Prior to pumping the cement slurry, 3 cu m (19 bbl) of invert pre-flush and invert spacer with a density of 1,910 kg/cu m (16 lb/gal) were pumped. Then, 6.84 cu m (43 bbl) of a thermal cement blend of density 1,885 kg/cu m (15.7 lb/gal) was pumped to plug the open hole from 4,050-m MD to 4,402-m MD (13,287 ft to 14,442 ft). After pumping the first cement blend, CT was pulled out of the hole at approximately 14.63 m/min (48 ft/min) to cement and plug the next open-hole section.

This next section, 3,825-m MD to 4,050-m MD (12,549 ft to 13,287 ft), was cemented and plugged by 5.59 cu m (35 bbl) of a second thermal cement blend, which had a slightly higher density of 1910 kg/cu m (16 lb/gal) than the first.

During cementing, SBP was applied to maintain a constant BH ECD of 2015 kg/cu m (16.8 lb/gal). The SBP value gradually increased from 3,670 kPa to 3,839 kPa (36.7 bar to 38.39 bar) while pumping the first cement blend. For the second cement, the SBP value decreased gradually from 3,863 kPa to 3,360 kPa (38.63 bar to 33.60 bar) due to change in the hydrostatic pressure. The cement plug was then displaced with invert spacer, invert afterflush and 1,890 kg/cu m (15.8 lb/gal) of spacer and invert mud.

Circulate on top of cement and waiting on cement

Once the cement plug was placed, 3,660 kPa (36.60 bar) of SBP was applied to hold the cement plug and maintain the BH ECD constant at 2,015 kg/cu m (16.8 lb/gal). SBP was increased to 3,780 kPa (37.80 bar) once the spacers were circulated out of the well. Then 1,890 kg/cu m drilling fluid was circulated for 8 hrs as a wait-on-cement time, while holding 3,780 kPa SBP in order to maintain BH ECD constant at 2,015 kg/cu m.

Tag top of cement

The hardened cement was tagged at 3,772 m (12,375 ft) after 8 hrs of wait time, and coiled tubing was slowly pulled out of hole while CT volume was replaced by 1,890 kg/cu m (15.8 lb/gal) of invert mud to prevent swabbing effects.

Conclusions

By applying automated MPD technology during CT cementing operations in this HPHT well, the operator was able to maintain constant bottomhole pressure. Additionally, BH ECD remained constant at 2,015 kg/cu m, regardless of changes in CT nozzle depth and pumped-fluid densities during cementing, displacement and tripping operations. Further, real-time flow monitoring eliminated downhole fluid losses and, in conjunction with constant bottomhole pressure, reduced the likelihood of formation damage.

The technique also reduced nonproductive time by eliminating the need for two-stage displacement, increasing pumping rates and mitigating well control issues.
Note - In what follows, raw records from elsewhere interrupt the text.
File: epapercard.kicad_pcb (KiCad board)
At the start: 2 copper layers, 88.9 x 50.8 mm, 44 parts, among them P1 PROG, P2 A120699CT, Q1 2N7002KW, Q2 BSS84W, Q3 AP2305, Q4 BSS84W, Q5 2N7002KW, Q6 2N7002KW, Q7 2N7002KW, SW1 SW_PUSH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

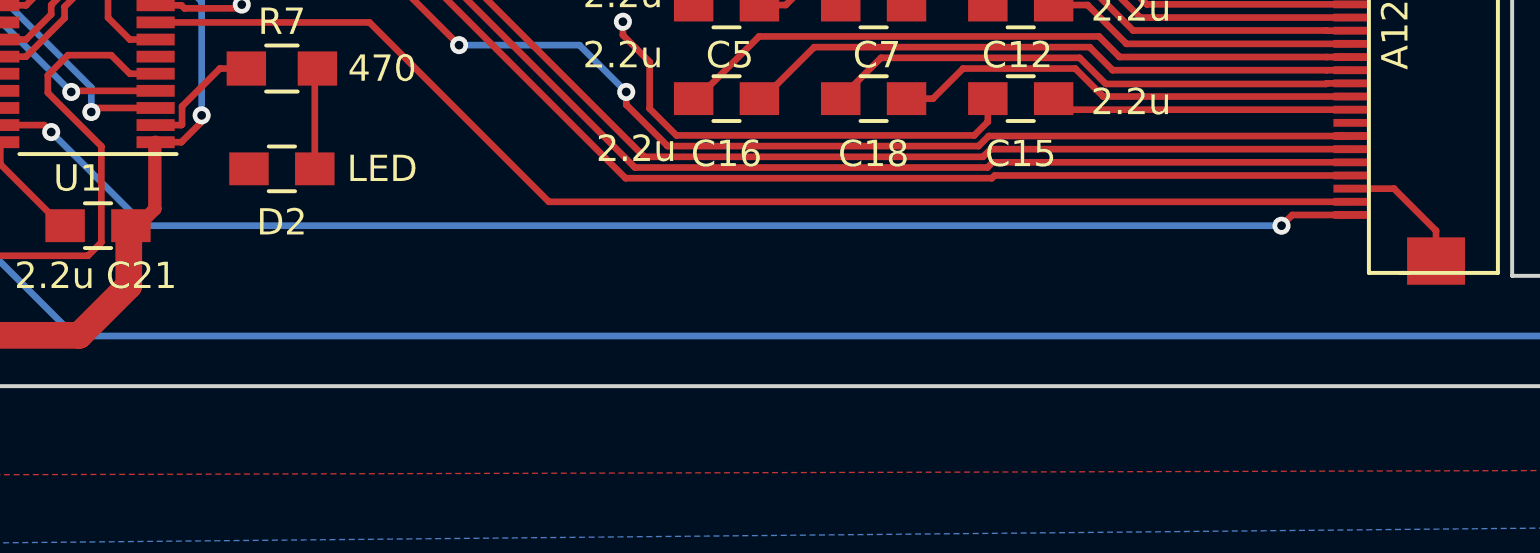
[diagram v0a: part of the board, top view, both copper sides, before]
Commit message: Updated silk
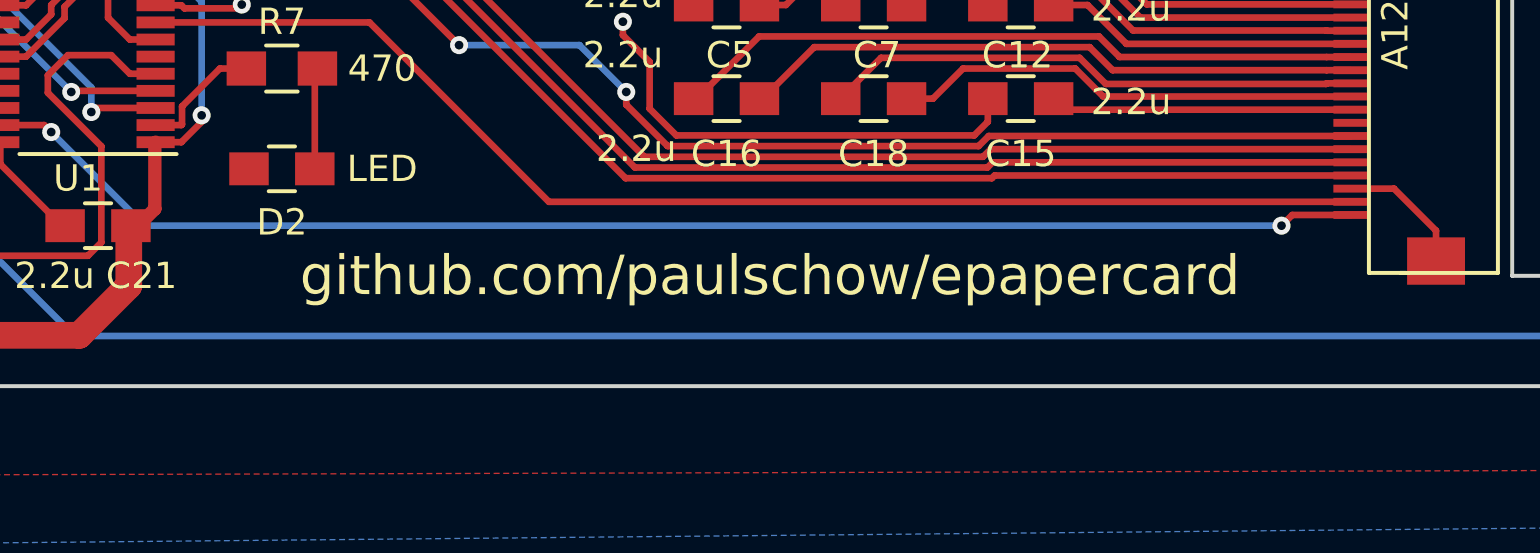
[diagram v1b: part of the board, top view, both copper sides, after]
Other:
- board text added: "github.com/paulschow/epapercard"
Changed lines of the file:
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@@
     (area 8.204287 22.759999 124.714001 86.868001)
     (thickness 1.6)
-    (drawings 29)
+    (drawings 30)
     (tracks 452)
     (zones 0)
@@
       (xy 0.317705 4.183579)) (layer B.SilkS) (width 0.01))
   )
+  (gr_text github.com/paulschow/epapercard (at 75.946 76.454) (layer F.SilkS)
+    (effects (font (size 1.5 1.5) (thickness 0.3)))
+  )
   (gr_text "Open Source\nHardware" (at 40.64 75.438) (layer B.SilkS)
     (effects (font (size 1.5 1.5) (thickness 0.3)) (justify mirror))
@@
     (effects (font (size 1.016 1.016) (thickness 0.1524)))
   )
-  (gr_text paulschow@gmail.com (at 88.138 40.386) (layer B.SilkS)
-    (effects (font (size 2.54 2.54) (thickness 0.3)) (justify mirror))
+  (gr_text paulschow@gmail.com (at 64.516 33.02) (layer B.SilkS)
+    (effects (font (size 2.54 2.54) (thickness 0.381)) (justify mirror))
   )
   (gr_text paulschow.com (at 94.996 36.322) (layer B.SilkS)
-    (effects (font (size 2.54 2.54) (thickness 0.3)) (justify mirror))
+    (effects (font (size 2.54 2.54) (thickness 0.381)) (justify mirror))
   )
   (gr_text "Paul Schow" (at 98.298 33.02) (layer B.SilkS)
-    (effects (font (size 2.54 2.54) (thickness 0.3)) (justify mirror))
+    (effects (font (size 2.54 2.54) (thickness 0.381)) (justify mirror))
   )
   (gr_text "CUT OUT" (at 105.41 63.754 90) (layer Edge.Cuts)

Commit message: Adjusting footprints
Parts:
- removed G***: LOGO, footprint:oshlogo
- P1: value PROG -> CONN_01X06
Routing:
- net BUSY: track 48.2 -> 17.8 mm
- net +3.3VP: track 74.4 -> 58.1 mm
- net GND: track 58.1 -> 42.4 mm, vias 3 -> 2
- net /RESET: track 48.3 -> 34.6 mm
- net SPI_MISO: track 57.7 -> 44.0 mm
- net SPI_MOSI: track 57.7 -> 44.1 mm
- net SPI_CLK: track 55.4 -> 41.9 mm
- net Net-(C15-Pad1): track 11.4 -> 0.59 mm
- net /VDL: track 35.7 -> 25.3 mm
- net Net-(C18-Pad1): track 17.8 -> 8.39 mm
- net Net-(C18-Pad2): track 20.4 -> 11.1 mm
- net Net-(C16-Pad1): track 23.6 -> 14.6 mm
- net Net-(C16-Pad2): track 26.3 -> 17.5 mm
- net Net-(C12-Pad1): track 11.9 -> 3.38 mm
- net Net-(C12-Pad2): track 15.5 -> 7.23 mm
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
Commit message: Basically starting over
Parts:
- C2: value 100n -> 0.1u
- Q3: value AP2305 -> BSS84W
- U1: footprint Housings_SSOP:TSSOP-20_4.4x6.5mm_Pitch0.65mm -> footprint:TSSOP-20_4.4x6.5mm_Pitch0.65mm
- moved Q4 94.4 mm to (41.3, 112.6), turned to 0 degrees
- moved R5 67.3 mm to (64.1, 112.5), turned to 0 degrees
- moved Q7 66.2 mm to (50.7, 93.8), turned to 0 degrees
- moved C4 65.8 mm to (65.2, 93.9)
- moved R3 63.5 mm to (78.4, 100.1), turned to 0 degrees
- moved C14 60.3 mm to (51.9, 115.7), turned to 0 degrees
- moved C9 59.3 mm to (47.0, 113.5), turned to 0 degrees
- moved R1 58.9 mm to (75.3, 106.3), turned to 0 degrees
- moved C11 57.5 mm to (60.3, 106.3), turned to 0 degrees
- moved D1 57.1 mm to (41.6, 107.9), turned to 0 degrees
- moved R2 55.8 mm to (69.3, 112.5), turned to 0 degrees
- moved R6 55.1 mm to (49.1, 107.3), turned to 0 degrees
- moved C17 54.5 mm to (79.3, 112.5), turned to 0 degrees
- moved Q5 52.1 mm to (42.3, 103.2), turned to 0 degrees
- moved R4 51.2 mm to (85.1, 93.9), turned to 0 degrees
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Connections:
- Q2 pad 2: Net-(C1-Pad2) -> +3V3
- Q2 pad 3: +3V3 -> Net-(C1-Pad2)
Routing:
- net +3V3: track 233.9 -> 93.9 mm, vias 4 -> 0
- net BORDER_CONTROL: track 109.9 -> 0.04 mm, vias 2 -> 0
- net /VGL: track 58.1 -> 0.00 mm
- net +3.3VP: track 58.1 -> 0.00 mm
- net /EPD_CS: track 50.3 -> 0.00 mm, vias 1 -> 0
- net SPI_MOSI: track 44.1 -> 0.00 mm
- net SPI_MISO: track 44.0 -> 0.00 mm
- net SPI_CLK: track 41.9 -> 0.00 mm
- net GND: track 42.4 -> 4.26 mm, vias 2 -> 0
- net /VDH: track 34.7 -> 0.00 mm
- net /RESET: track 34.6 -> 0.00 mm, vias 2 -> 0
- net /VGH: track 32.5 -> 0.00 mm
- net /VCOM: track 31.4 -> 0.00 mm, vias 2 -> 0
- net DISCHARGE: track 26.9 -> 0.00 mm, vias 3 -> 0
- net /VDL: track 25.3 -> 0.00 mm
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- removed copper zone on B.Cu, net GND
- removed copper zone on F.Cu, net GND
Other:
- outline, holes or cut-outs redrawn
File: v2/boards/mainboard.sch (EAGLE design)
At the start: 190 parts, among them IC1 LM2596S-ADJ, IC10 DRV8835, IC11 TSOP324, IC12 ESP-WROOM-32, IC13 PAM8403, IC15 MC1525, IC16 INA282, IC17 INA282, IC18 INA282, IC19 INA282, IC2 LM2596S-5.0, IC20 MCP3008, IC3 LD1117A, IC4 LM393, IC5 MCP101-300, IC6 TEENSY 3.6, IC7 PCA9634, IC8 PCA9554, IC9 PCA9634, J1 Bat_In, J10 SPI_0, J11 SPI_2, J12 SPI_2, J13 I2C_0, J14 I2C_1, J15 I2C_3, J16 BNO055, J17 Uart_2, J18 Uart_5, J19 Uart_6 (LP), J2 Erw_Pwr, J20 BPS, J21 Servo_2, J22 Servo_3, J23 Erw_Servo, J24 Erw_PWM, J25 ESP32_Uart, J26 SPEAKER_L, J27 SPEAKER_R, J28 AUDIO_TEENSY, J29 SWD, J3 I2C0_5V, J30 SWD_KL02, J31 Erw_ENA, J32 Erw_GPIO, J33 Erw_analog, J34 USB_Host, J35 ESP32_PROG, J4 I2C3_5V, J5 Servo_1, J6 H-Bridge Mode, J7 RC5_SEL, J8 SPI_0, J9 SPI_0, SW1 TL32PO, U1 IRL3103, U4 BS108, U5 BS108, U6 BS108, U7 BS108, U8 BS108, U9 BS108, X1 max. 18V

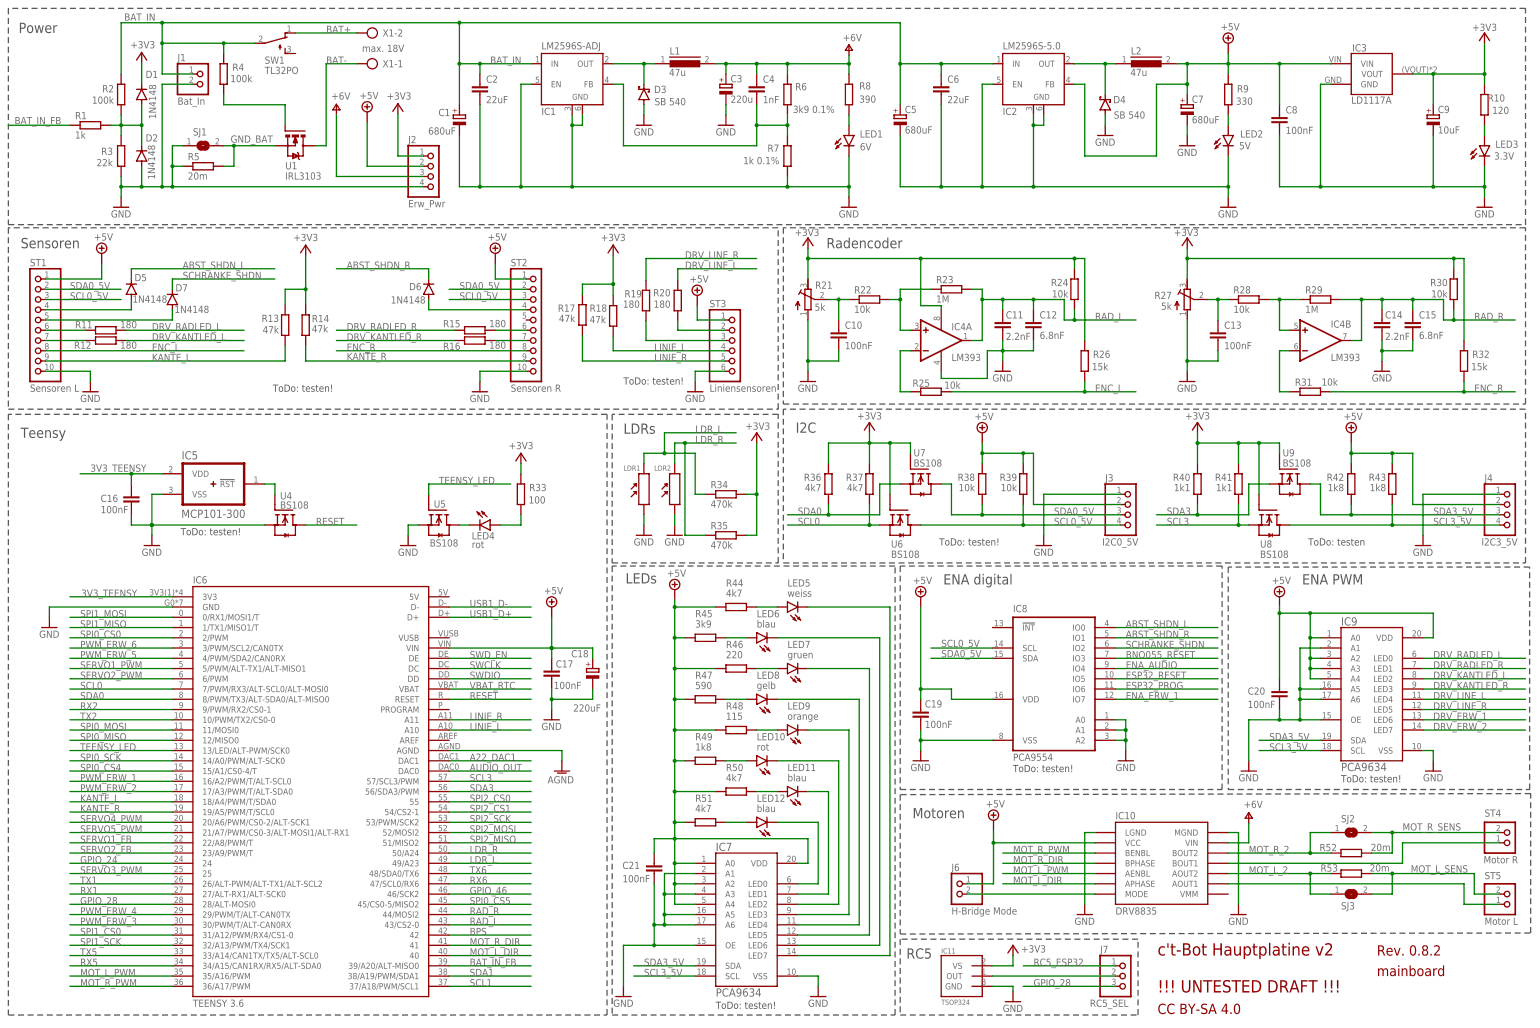
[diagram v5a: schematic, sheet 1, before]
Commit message: mainboard updated:
- some bugfixes after further testing
- discrete MCU board added
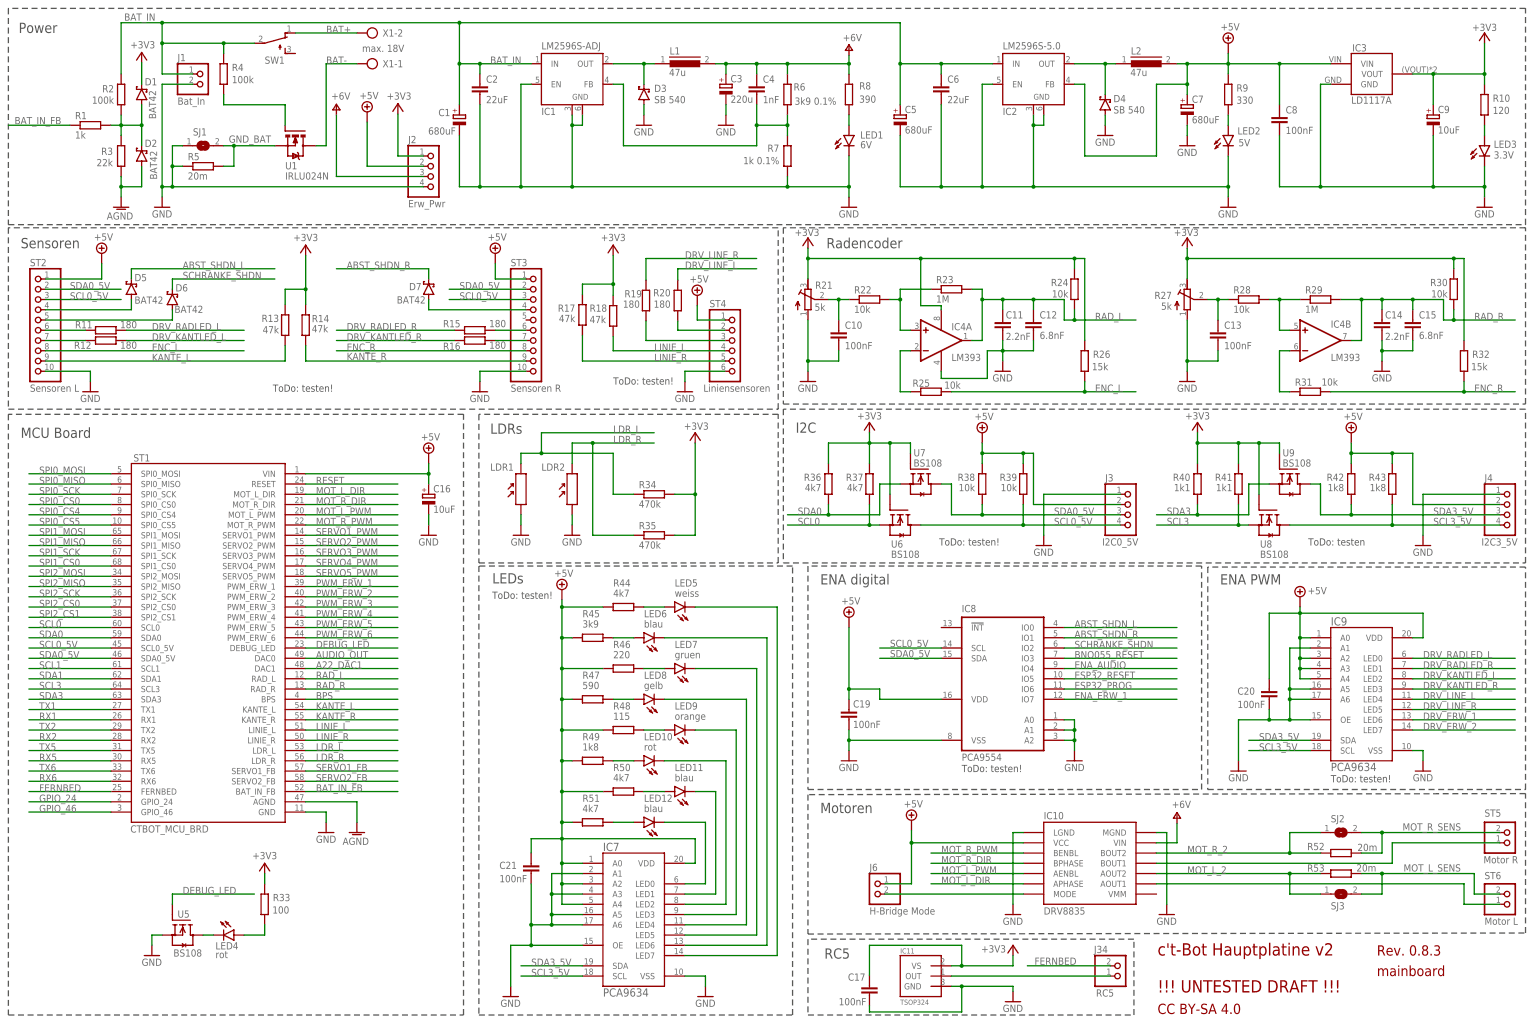
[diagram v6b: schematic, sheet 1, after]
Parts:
- removed BT1: CR2032, ct-bot:BATTERY-20MM_PTH
- removed IC5: MCP101-300, ct-bot:MCP101
- removed IC6: TEENSY 3.6, ct-bot:TEENSY3_6
- removed U4: BS108, ct-bot:BS108
- added J36: SPI1, ct-bot:PINHD-1X5
- added ST7: RPI_Interface, con-harting-ml:ML20
- C16: value 100nF -> 10uF; device rcl:C-EU025-025X050 -> rcl:CPOL-EUTT2D5L
- C18: value 220uF -> 100nF; device rcl:CPOL-EUE2-5 -> rcl:C-EU025-025X050
- D1, D2: value 1N4148 -> BAT42; device ct-bot:1N41480207/2V -> ct-bot:BAT42DO35-7
- D5, D6, D7, D8, D9: value 1N4148 -> BAT42; device ct-bot:1N41480207/2V -> ct-bot:BAT42"
- J29: device ct-bot:PINHD-1X6 -> ct-bot:PINHD-1X5
- J30: device ct-bot:PINHD90-1X2/90 -> ct-bot:PINHD-1X2
- J34: value USB_Host -> RC5; device ct-bot:PINHD-1X4 -> ct-bot:PINHD-1X2
- J7: value RC5_SEL -> ESP32_GPIO; SPICEPREFIX (none) -> J
- R1, R3, R55, R56, R57: device rcl:R-EU_0204/2V -> rcl:R-EU_0204/7
- R31, R32, R62: device rcl:R-EU_0204/7 -> rcl:R-EU_0204/2V
- ST1: value Sensoren L -> CTBOT_MCU_BRD; device ct-bot:PS25-10PS25-10 -> ct-bot:CTBOT_MCU_BRD
- ST2: value Sensoren R -> Sensoren L
- ST3: value Liniensensoren -> Sensoren R; device ct-bot:PS25-6 -> ct-bot:PS25-10PS25-10
- ST4: value Motor R -> Liniensensoren; device ct-bot:PINHD90-1X2/90 -> ct-bot:PS25-6
- ST5: value Motor L -> Motor R
- ST6: value RPI_Interface -> Motor L; device con-harting-ml:ML26 -> ct-bot:PINHD90-1X2/90
- U1: value IRL3103 -> IRLU024N; device ct-bot:IRF740 -> ct-bot:IRLU024NTO-251AA
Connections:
- removed net +5V: C17.1, C18.+, C19.1, C20.1, C21.1, C24.1, C25.1, C28.1, C29.+, C7.+, C8.1, IC10.VCC, IC13.PVDD, IC13.PVDD1, IC13.VDD, IC2.FB, IC3.VIN, IC6.VIN, IC7.A0, IC7.A2, IC7.A4, IC7.VDD, IC8.VDD, IC9.A0, IC9.A2, IC9.A3, IC9.A4, IC9.VDD, J10.1, J11.2, J12.2, J13.2, J14.2, J15.2, J16.1, J17.2, J18.2, J19.2, J2.2, J3.2, J34.1, J4.2, J6.1, J8.1, J9.1, L2.2, R38.2, R39.2, R42.2, R43.2, R44.1, R45.1, R46.1, R47.1, R48.1, R49.1, R50.1, R51.1, R9.2, ST1.1, ST2.1, ST3.1, ST6.23, ST6.25
- removed net 3V3_TEENSY: C16.1, IC5.VDD, IC6.3V3, J29.1
- removed net GPIO_28: IC6.28/ALT-MOSI0, J7.3
- removed net N$39: IC5.!RST, U4.G
- removed net RC5_ESP32: IC12.IO23, J7.1
- removed net SERVO3_FB: ST6.14
- removed net TEENSY_LED: IC6.13/LED/ALT-PWM/SCK0, U5.G
- removed net USB1_D+: IC6.D+, J34.3
- removed net USB1_D-: IC6.D-, J34.2
- removed net VBAT_RTC: BT1.+, IC6.VBAT
- new net DEBUG_LED: ST1.DEBUG_LED, U5.G
- new net RC5: IC11.OUT, J34.1
- new net VCC: C16.+, C19.1, C20.1, C21.1, C24.1, C25.1, C28.1, C29.+, C7.+, C8.1, IC10.VCC, IC13.PVDD, IC13.PVDD1, IC13.VDD, IC2.FB, IC3.VIN, IC7.A0, IC7.A2, IC7.A4, IC7.VDD, IC8.VDD, IC9.A0, IC9.A2, IC9.A3, IC9.A4, IC9.VDD, J10.1, J11.2, J12.2, J13.2, J14.2, J15.2, J16.1, J17.2, J18.2, J19.2, J2.2, J3.2, J4.2, J6.1, J8.1, J9.1, L2.2, R38.2, R39.2, R42.2, R43.2, R44.1, R45.1, R46.1, R47.1, R48.1, R49.1, R50.1, R51.1, R9.2, ST1.VIN, ST2.1, ST3.1, ST4.1, ST7.5
- net +3V3: now also C17.1, C18.1, ST7.3; no longer ST6.1
- net A22_DAC1: now also ST1.DAC1; no longer IC6.DAC1
- net ABST_SHDN_R: now also D7.C; no longer D6.C
- net AGND: now also D2.A, R3.1, ST1.AGND; no longer IC6.AGND
- net AUDIO_OUT: now also ST1.DAC0; no longer IC6.DAC0
- net BAT_IN_FB: now also ST1.BAT_IN_FB; no longer IC6.39/A20/ALT-MISO0
- net BPS: now also ST1.BPS; no longer IC6.42
- net ENC_L: now also ST2.8; no longer ST1.8
- net ENC_R: now also ST3.8; no longer ST2.8
- net FERNBED: now also J34.2, ST1.FERNBED; no longer IC11.OUT, J7.2
- net GND: now also C16.-, C18.2, J29.2, ST1.GND, ST3.10, ST4.6, ST7.20; no longer BT1.-, C16.2, C18.-, D2.A, IC5.VSS, IC6.GND, J29.3, J34.4, R3.1, ST1.10, ST3.6, ST6.24, ST6.26, U4.S
- net GPIO_24: now also ST1.GPIO_24; no longer IC6.24
- net GPIO_46: now also ST1.GPIO_46; no longer IC6.46/SCK2
- net IO34: now also J7.2
- net IO35: now also J7.1
- net IO36: now also J7.3
- net KANTE_L: now also ST1.KANTE_L, ST2.9; no longer IC6.18/A4/PWM/T/SDA0, ST1.9
- net KANTE_R: now also ST1.KANTE_R, ST3.9; no longer IC6.19/A5/PWM/T/SCL0, ST2.9
- net LDR_L: now also ST1.LDR_L; no longer IC6.49/A23
- net LDR_R: now also ST1.LDR_R; no longer IC6.50/A24
- net LINIE_L: now also ST1.LINIE_L, ST4.4; no longer IC6.A10, ST3.4
- net LINIE_R: now also ST1.LINIE_R, ST4.5; no longer IC6.A11, ST3.5
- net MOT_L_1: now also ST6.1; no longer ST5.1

Cement-plug integrity was confirmed by stable hole condition and desired cement plug length. By using less weighting materials, managed pressure cementing reduced the total cost of the operation without compromising BHP control. The ability to control BHP though the choke manifold also eliminated the risk of going underbalanced while cementing. Finally, by maintaining flow control after cementing while waiting on cement, the technique minimized the chance of gas migration and improved cement quality.

This managed pressure cementing technique proved valuable in the Fort Liard field. Going forward, the method represents a new option for drilling and cementing HPHT wells in tight formations, without the risk of cost overruns or loss of wellbore integrity. DC

This article is based on a presentation at the 2017 SPE/IADC Drilling Conference, 14-16 March, The Hague, The Netherlands.